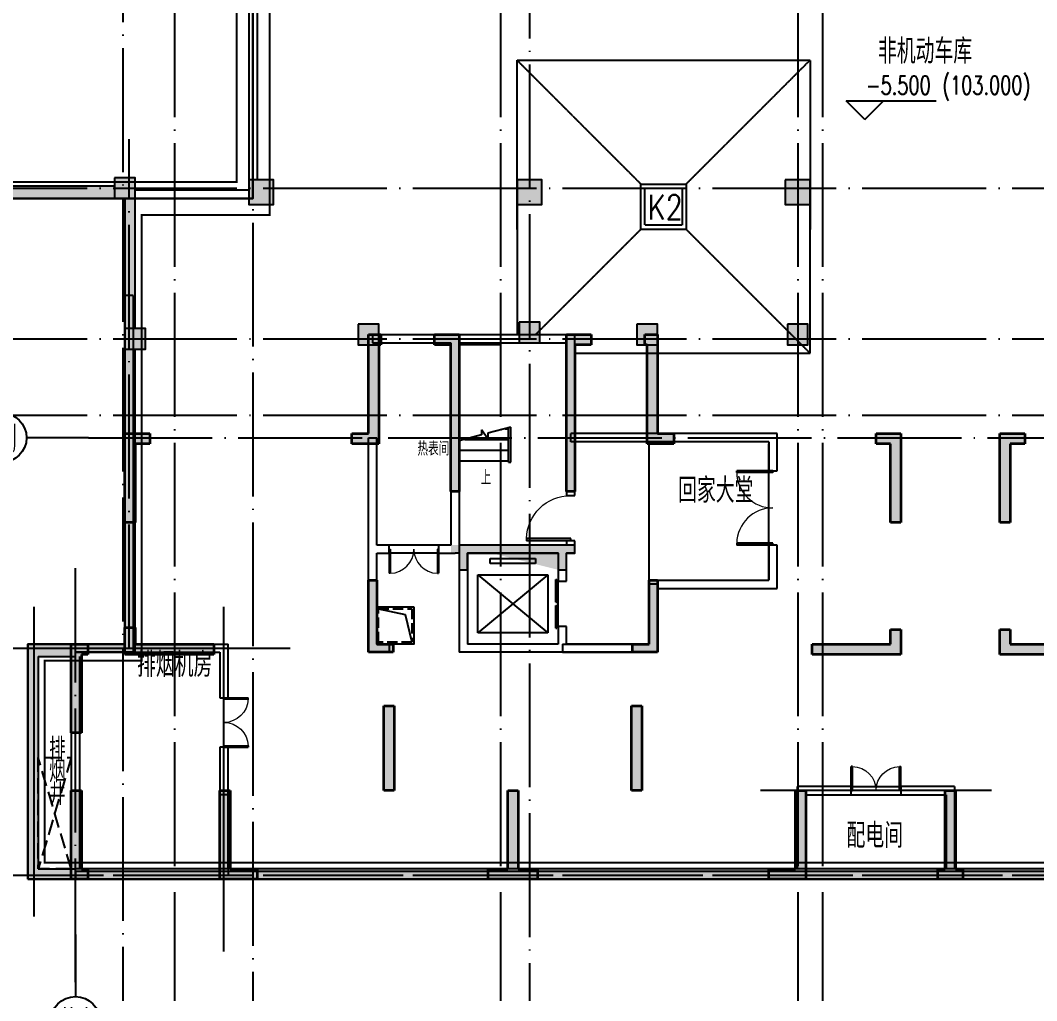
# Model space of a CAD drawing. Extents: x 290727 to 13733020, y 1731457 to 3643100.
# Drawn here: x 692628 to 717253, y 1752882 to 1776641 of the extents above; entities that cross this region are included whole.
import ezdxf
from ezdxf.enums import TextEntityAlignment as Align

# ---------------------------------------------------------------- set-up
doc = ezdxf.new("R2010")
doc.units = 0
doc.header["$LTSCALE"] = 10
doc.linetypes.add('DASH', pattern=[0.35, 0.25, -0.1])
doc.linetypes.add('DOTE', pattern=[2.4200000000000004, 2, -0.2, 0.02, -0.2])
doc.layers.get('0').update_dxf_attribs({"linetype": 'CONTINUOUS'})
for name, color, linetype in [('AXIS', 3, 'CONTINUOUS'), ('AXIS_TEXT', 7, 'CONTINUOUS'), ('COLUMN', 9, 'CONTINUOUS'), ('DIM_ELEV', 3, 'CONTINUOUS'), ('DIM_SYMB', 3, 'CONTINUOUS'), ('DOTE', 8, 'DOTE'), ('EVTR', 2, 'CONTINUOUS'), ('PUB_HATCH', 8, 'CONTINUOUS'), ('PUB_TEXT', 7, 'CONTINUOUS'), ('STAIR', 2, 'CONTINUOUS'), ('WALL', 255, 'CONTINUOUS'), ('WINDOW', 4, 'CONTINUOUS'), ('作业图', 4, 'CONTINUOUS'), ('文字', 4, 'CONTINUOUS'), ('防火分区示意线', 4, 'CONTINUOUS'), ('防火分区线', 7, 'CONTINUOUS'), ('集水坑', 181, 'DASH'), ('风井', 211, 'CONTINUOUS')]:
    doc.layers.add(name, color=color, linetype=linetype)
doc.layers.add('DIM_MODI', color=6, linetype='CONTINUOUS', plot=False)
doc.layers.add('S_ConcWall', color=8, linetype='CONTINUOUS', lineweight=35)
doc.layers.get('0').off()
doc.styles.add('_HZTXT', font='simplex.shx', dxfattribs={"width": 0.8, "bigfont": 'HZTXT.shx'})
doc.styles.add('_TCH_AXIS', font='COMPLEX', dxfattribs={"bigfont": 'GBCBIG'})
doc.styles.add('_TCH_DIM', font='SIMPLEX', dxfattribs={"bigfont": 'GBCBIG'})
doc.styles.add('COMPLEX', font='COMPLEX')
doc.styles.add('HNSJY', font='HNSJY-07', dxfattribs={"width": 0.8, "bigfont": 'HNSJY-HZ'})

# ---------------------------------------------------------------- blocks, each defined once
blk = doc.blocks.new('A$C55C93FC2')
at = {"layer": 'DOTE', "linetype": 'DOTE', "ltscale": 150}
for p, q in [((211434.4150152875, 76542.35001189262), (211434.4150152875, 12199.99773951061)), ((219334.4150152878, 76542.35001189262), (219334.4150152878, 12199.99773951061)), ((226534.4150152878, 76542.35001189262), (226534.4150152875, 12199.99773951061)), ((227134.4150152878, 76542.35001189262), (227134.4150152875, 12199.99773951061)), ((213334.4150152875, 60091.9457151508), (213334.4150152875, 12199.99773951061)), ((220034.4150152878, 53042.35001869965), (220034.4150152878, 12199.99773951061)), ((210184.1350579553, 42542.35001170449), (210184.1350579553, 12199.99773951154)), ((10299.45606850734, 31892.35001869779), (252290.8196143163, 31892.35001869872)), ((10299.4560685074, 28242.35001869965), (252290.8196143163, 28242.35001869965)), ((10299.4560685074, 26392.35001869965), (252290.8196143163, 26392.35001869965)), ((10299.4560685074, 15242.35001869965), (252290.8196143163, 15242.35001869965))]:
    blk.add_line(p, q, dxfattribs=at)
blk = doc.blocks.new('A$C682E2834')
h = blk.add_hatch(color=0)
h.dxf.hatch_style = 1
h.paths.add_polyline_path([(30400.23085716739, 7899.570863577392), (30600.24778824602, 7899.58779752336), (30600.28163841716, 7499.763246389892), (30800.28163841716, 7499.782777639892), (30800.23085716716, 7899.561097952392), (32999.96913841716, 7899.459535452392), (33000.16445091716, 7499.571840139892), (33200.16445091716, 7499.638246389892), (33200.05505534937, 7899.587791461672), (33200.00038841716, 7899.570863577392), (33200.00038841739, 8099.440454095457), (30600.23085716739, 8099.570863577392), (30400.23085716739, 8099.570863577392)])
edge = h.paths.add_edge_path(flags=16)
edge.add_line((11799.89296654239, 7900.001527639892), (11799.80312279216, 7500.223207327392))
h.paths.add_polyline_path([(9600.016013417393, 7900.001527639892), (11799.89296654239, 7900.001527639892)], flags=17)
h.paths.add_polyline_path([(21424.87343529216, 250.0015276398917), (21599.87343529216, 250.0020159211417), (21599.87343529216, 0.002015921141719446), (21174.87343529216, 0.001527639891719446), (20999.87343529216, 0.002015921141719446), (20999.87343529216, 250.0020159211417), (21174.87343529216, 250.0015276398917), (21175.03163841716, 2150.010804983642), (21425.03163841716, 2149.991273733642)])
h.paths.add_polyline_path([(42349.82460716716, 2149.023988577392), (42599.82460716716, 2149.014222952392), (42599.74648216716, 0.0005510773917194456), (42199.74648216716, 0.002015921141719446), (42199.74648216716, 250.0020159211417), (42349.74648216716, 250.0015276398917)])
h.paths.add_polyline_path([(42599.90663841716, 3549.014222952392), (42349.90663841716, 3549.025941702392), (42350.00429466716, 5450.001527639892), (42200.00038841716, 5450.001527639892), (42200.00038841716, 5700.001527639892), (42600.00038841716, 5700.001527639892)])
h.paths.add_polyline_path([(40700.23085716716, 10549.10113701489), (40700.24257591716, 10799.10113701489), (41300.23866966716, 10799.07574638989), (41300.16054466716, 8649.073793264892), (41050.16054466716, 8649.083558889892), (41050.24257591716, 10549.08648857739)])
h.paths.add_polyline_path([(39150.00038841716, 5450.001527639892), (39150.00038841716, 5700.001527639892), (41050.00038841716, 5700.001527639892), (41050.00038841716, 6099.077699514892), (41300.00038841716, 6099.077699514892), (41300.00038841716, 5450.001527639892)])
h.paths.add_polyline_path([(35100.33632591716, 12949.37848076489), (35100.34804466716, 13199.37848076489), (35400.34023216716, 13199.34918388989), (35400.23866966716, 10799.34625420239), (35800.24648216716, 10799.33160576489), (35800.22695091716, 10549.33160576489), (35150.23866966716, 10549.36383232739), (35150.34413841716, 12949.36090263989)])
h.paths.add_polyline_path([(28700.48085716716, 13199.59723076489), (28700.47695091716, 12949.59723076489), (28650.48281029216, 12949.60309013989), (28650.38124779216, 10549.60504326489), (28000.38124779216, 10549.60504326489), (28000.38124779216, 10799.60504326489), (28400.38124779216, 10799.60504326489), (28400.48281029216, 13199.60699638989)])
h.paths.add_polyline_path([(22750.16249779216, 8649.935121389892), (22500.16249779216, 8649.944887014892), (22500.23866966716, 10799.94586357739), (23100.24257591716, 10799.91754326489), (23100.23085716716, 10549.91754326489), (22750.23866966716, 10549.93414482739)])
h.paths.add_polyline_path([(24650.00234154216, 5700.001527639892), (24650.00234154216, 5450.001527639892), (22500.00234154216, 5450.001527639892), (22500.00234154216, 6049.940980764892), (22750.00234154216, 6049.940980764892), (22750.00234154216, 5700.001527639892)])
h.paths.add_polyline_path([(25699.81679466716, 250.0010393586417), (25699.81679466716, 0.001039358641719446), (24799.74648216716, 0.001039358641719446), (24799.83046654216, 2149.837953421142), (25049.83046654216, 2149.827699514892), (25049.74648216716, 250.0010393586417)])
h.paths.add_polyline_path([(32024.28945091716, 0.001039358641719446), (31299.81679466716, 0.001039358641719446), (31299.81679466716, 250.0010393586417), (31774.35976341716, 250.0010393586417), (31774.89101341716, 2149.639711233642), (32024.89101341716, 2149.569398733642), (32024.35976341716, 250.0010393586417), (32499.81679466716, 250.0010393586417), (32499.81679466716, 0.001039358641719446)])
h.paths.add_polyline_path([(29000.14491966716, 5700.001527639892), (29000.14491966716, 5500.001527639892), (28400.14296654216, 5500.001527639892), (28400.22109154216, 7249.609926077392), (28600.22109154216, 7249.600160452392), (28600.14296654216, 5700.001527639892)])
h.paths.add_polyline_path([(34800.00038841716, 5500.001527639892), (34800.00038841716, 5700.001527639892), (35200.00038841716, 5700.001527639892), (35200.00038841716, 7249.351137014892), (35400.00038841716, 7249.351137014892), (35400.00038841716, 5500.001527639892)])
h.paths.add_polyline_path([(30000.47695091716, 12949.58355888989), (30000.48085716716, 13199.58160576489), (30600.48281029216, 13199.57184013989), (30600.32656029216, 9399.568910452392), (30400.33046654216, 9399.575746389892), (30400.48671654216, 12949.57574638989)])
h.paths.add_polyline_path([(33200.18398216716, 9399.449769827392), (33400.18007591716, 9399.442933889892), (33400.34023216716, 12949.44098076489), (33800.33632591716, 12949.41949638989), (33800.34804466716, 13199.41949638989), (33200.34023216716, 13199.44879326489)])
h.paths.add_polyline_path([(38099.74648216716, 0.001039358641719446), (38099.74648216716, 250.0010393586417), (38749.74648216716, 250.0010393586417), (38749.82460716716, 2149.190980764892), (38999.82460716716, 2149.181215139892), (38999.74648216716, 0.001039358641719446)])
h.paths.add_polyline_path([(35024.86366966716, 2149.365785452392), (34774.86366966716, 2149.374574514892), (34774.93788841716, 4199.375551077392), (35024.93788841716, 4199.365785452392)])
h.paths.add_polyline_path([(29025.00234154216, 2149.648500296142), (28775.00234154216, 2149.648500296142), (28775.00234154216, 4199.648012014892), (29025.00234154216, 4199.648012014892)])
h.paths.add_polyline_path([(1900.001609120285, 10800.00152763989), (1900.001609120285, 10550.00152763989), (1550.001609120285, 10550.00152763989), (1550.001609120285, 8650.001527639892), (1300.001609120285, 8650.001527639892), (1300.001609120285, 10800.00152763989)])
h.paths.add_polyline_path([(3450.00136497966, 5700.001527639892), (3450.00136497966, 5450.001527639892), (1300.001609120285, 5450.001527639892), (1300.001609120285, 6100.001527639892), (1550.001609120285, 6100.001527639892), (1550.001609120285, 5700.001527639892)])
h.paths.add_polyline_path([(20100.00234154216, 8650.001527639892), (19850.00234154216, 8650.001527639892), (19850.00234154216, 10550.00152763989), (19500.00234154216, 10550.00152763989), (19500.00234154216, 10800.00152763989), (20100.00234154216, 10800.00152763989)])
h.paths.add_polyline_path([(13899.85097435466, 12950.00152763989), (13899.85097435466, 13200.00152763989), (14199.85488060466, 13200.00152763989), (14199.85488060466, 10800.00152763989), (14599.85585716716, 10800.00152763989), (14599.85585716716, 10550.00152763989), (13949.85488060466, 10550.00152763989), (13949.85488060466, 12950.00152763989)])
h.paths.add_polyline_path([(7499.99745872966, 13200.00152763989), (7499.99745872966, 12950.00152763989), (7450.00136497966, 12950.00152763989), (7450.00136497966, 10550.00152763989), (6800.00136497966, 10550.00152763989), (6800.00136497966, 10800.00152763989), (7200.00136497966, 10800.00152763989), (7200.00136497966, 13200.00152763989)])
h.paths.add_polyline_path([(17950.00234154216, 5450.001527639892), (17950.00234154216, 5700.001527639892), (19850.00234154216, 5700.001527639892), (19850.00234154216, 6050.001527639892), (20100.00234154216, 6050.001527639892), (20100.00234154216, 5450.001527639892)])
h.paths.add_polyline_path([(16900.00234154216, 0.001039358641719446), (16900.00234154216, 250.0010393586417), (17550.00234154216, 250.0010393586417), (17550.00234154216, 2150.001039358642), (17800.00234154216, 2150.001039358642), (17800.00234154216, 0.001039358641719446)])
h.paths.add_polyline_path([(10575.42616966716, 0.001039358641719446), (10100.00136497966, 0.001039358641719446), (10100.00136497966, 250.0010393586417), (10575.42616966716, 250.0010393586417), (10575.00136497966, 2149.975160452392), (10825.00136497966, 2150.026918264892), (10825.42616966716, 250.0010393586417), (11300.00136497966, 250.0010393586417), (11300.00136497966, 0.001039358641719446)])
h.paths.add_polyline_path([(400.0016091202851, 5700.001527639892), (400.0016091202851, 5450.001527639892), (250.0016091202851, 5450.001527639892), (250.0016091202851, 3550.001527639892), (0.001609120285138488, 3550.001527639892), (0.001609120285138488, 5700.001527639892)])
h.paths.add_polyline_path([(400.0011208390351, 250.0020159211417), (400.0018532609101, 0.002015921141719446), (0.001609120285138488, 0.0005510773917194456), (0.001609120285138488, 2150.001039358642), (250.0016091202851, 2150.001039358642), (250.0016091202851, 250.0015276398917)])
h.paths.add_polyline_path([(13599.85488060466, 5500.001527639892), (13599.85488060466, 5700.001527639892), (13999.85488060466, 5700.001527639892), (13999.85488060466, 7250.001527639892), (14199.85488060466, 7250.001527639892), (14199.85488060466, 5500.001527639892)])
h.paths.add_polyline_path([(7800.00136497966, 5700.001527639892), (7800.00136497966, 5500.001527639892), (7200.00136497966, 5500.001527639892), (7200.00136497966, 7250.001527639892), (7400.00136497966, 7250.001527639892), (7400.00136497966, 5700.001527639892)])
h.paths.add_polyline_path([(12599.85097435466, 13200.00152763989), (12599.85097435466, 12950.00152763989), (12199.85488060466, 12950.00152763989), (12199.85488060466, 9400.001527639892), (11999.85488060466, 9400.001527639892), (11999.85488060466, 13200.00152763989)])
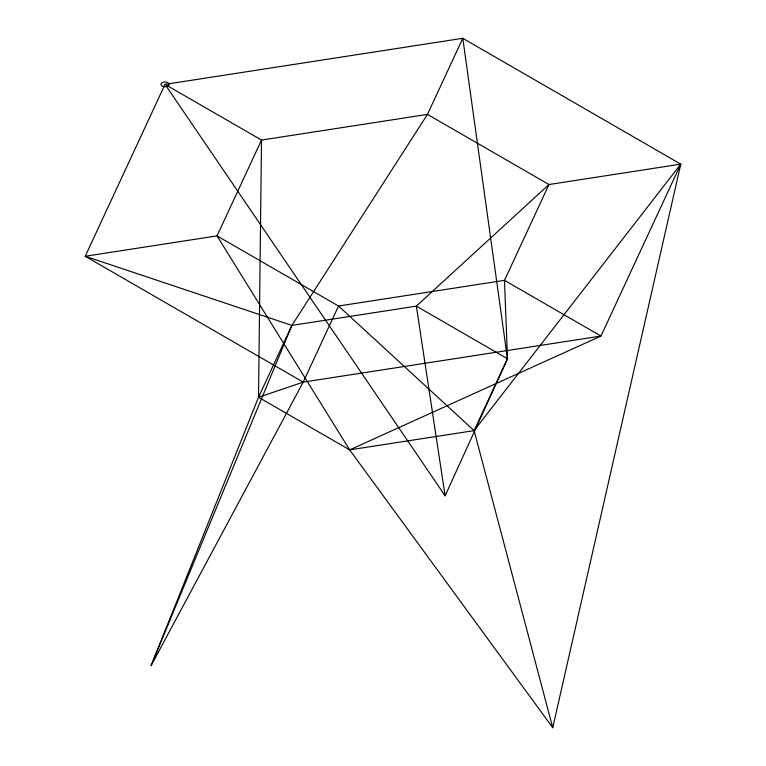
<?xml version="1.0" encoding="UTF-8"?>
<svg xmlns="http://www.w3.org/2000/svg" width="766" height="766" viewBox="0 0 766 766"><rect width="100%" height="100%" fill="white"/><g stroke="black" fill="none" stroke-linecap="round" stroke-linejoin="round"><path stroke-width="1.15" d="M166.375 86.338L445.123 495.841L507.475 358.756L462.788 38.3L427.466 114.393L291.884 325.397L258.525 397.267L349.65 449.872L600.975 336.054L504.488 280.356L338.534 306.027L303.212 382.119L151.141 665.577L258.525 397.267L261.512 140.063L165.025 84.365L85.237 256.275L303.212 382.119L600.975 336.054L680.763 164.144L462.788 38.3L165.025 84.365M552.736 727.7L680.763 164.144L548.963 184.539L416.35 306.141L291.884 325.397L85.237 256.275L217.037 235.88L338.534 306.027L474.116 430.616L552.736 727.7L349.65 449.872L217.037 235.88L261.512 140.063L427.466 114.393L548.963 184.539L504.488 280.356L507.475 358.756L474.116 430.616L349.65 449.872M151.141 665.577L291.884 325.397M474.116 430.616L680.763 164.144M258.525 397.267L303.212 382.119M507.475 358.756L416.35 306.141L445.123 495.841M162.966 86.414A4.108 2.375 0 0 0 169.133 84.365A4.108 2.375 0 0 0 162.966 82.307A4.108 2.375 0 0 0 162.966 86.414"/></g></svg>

====

** Assignment **
Your task is to restate, word for word, only those lines above that fall between the line holding "blk = doc.blocks.new('A$C682E2834')" and the line holding "5700.001527639892), (42600.00038841716, 5700.001527639892)])", inclusive.

** Exercise response **
blk = doc.blocks.new('A$C682E2834')
h = blk.add_hatch(color=0)
h.dxf.hatch_style = 1
h.paths.add_polyline_path([(30400.23085716739, 7899.570863577392), (30600.24778824602, 7899.58779752336), (30600.28163841716, 7499.763246389892), (30800.28163841716, 7499.782777639892), (30800.23085716716, 7899.561097952392), (32999.96913841716, 7899.459535452392), (33000.16445091716, 7499.571840139892), (33200.16445091716, 7499.638246389892), (33200.05505534937, 7899.587791461672), (33200.00038841716, 7899.570863577392), (33200.00038841739, 8099.440454095457), (30600.23085716739, 8099.570863577392), (30400.23085716739, 8099.570863577392)])
edge = h.paths.add_edge_path(flags=16)
edge.add_line((11799.89296654239, 7900.001527639892), (11799.80312279216, 7500.223207327392))
h.paths.add_polyline_path([(9600.016013417393, 7900.001527639892), (11799.89296654239, 7900.001527639892)], flags=17)
h.paths.add_polyline_path([(21424.87343529216, 250.0015276398917), (21599.87343529216, 250.0020159211417), (21599.87343529216, 0.002015921141719446), (21174.87343529216, 0.001527639891719446), (20999.87343529216, 0.002015921141719446), (20999.87343529216, 250.0020159211417), (21174.87343529216, 250.0015276398917), (21175.03163841716, 2150.010804983642), (21425.03163841716, 2149.991273733642)])
h.paths.add_polyline_path([(42349.82460716716, 2149.023988577392), (42599.82460716716, 2149.014222952392), (42599.74648216716, 0.0005510773917194456), (42199.74648216716, 0.002015921141719446), (42199.74648216716, 250.0020159211417), (42349.74648216716, 250.0015276398917)])
h.paths.add_polyline_path([(42599.90663841716, 3549.014222952392), (42349.90663841716, 3549.025941702392), (42350.00429466716, 5450.001527639892), (42200.00038841716, 5450.001527639892), (42200.00038841716, 5700.001527639892), (42600.00038841716, 5700.001527639892)])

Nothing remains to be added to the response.